● **DATA FOR THIS EXERCISE**
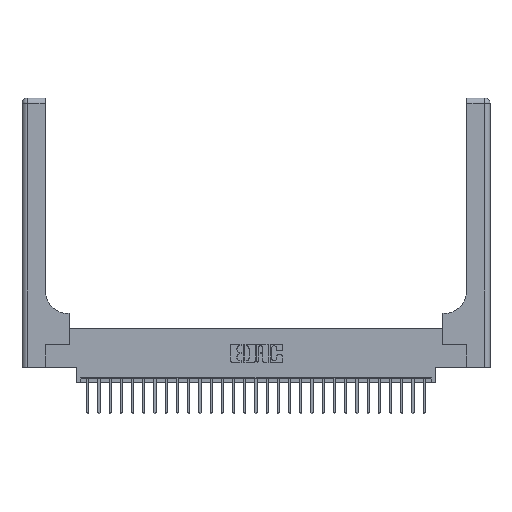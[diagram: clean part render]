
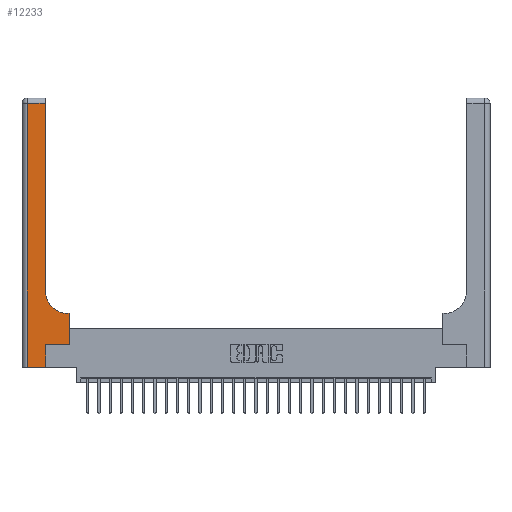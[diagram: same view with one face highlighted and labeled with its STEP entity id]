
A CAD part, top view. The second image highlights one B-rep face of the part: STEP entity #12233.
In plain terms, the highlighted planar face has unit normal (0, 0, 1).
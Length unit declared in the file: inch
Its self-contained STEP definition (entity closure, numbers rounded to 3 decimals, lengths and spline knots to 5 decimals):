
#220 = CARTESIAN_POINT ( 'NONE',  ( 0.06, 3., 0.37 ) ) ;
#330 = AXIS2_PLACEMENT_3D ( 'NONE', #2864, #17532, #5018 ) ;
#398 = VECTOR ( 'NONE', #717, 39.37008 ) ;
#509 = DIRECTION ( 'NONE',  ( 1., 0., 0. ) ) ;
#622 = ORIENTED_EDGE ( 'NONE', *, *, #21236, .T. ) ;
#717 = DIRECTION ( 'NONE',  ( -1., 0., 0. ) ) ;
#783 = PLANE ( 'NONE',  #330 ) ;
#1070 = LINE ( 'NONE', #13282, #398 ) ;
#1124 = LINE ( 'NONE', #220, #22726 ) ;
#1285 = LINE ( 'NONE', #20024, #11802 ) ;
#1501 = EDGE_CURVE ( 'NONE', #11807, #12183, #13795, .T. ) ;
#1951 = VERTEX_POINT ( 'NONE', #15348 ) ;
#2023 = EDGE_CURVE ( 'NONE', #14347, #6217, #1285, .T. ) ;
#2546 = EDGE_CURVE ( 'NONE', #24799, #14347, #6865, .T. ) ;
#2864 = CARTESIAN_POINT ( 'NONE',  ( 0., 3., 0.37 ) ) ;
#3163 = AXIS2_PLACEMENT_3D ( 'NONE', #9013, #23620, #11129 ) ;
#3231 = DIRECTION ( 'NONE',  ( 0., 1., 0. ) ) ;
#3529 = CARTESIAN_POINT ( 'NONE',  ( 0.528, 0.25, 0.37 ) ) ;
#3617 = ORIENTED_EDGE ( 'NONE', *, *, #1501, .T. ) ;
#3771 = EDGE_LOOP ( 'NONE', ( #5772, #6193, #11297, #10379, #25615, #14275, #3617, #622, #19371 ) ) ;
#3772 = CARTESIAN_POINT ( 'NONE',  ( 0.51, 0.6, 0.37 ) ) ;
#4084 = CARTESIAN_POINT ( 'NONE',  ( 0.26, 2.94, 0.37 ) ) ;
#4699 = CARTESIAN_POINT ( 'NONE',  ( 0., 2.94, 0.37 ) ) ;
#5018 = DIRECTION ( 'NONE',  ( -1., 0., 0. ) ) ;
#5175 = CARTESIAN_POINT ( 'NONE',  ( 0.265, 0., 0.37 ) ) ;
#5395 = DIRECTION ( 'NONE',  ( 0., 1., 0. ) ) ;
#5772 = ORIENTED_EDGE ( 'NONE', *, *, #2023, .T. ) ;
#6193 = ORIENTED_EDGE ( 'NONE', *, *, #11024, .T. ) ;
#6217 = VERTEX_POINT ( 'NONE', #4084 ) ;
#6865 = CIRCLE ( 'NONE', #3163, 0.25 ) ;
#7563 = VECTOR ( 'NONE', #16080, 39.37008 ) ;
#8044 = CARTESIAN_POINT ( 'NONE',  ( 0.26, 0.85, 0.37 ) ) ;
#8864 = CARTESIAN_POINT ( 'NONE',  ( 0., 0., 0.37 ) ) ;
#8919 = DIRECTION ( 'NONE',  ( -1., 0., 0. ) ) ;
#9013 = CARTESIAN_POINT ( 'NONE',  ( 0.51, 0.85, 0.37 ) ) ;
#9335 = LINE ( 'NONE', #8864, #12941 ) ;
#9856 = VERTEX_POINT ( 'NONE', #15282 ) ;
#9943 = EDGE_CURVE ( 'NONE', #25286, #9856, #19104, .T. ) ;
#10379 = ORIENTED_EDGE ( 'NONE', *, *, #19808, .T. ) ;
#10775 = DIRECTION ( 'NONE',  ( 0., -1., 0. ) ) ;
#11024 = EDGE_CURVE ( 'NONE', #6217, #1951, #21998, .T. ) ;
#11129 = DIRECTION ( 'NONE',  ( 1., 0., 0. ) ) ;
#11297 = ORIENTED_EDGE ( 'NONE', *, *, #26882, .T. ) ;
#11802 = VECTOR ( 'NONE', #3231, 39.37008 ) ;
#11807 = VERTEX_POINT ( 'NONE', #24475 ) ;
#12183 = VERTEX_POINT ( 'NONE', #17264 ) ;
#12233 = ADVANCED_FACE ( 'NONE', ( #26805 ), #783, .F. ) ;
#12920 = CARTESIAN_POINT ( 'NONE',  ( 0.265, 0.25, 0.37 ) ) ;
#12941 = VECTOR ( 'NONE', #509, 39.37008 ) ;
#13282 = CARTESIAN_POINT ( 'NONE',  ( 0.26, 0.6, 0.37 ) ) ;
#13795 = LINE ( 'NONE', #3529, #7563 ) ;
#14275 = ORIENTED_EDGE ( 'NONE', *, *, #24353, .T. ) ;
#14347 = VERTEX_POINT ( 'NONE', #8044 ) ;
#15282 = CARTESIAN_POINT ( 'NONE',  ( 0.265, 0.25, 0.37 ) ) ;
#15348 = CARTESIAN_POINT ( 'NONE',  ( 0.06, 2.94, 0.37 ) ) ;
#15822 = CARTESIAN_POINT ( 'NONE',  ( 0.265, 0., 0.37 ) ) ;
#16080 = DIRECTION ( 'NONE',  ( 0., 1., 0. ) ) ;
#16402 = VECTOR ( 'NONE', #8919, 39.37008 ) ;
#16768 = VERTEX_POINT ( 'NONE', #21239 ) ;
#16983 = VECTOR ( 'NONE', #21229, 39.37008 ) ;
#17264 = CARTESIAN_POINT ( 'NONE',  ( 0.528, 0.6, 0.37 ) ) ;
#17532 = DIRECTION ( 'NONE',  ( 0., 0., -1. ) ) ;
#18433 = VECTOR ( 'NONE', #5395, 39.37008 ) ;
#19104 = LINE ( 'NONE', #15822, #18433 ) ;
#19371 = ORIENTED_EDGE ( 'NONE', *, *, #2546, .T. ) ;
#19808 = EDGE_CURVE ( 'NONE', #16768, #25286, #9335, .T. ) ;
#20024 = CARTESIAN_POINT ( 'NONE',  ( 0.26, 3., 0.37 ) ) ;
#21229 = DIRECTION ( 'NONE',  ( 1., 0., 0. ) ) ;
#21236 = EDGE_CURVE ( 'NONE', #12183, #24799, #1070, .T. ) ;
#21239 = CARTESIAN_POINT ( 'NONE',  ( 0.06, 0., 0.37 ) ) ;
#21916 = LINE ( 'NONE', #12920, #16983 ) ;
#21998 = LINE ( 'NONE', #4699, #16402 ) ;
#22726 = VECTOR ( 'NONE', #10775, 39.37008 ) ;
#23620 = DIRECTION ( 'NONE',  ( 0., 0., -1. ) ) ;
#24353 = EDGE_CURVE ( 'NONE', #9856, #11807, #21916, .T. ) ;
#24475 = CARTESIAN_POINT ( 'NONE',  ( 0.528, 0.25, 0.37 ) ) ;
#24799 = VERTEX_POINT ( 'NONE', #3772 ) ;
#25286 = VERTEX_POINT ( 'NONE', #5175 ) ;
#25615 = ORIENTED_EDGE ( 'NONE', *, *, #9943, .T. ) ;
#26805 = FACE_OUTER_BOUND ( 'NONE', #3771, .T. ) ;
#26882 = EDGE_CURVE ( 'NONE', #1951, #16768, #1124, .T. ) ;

● **PROBLEM TO SOLVE**
Whenever the word "DIRECTION" appears in a line of the listing, copy out that line.

● **SOLUTION TO THIS PROBLEM**
#509 = DIRECTION ( 'NONE',  ( 1., 0., 0. ) ) ;
#717 = DIRECTION ( 'NONE',  ( -1., 0., 0. ) ) ;
#3231 = DIRECTION ( 'NONE',  ( 0., 1., 0. ) ) ;
#5018 = DIRECTION ( 'NONE',  ( -1., 0., 0. ) ) ;
#5395 = DIRECTION ( 'NONE',  ( 0., 1., 0. ) ) ;
#8919 = DIRECTION ( 'NONE',  ( -1., 0., 0. ) ) ;
#10775 = DIRECTION ( 'NONE',  ( 0., -1., 0. ) ) ;
#11129 = DIRECTION ( 'NONE',  ( 1., 0., 0. ) ) ;
#16080 = DIRECTION ( 'NONE',  ( 0., 1., 0. ) ) ;
#17532 = DIRECTION ( 'NONE',  ( 0., 0., -1. ) ) ;
#21229 = DIRECTION ( 'NONE',  ( 1., 0., 0. ) ) ;
#23620 = DIRECTION ( 'NONE',  ( 0., 0., -1. ) ) ;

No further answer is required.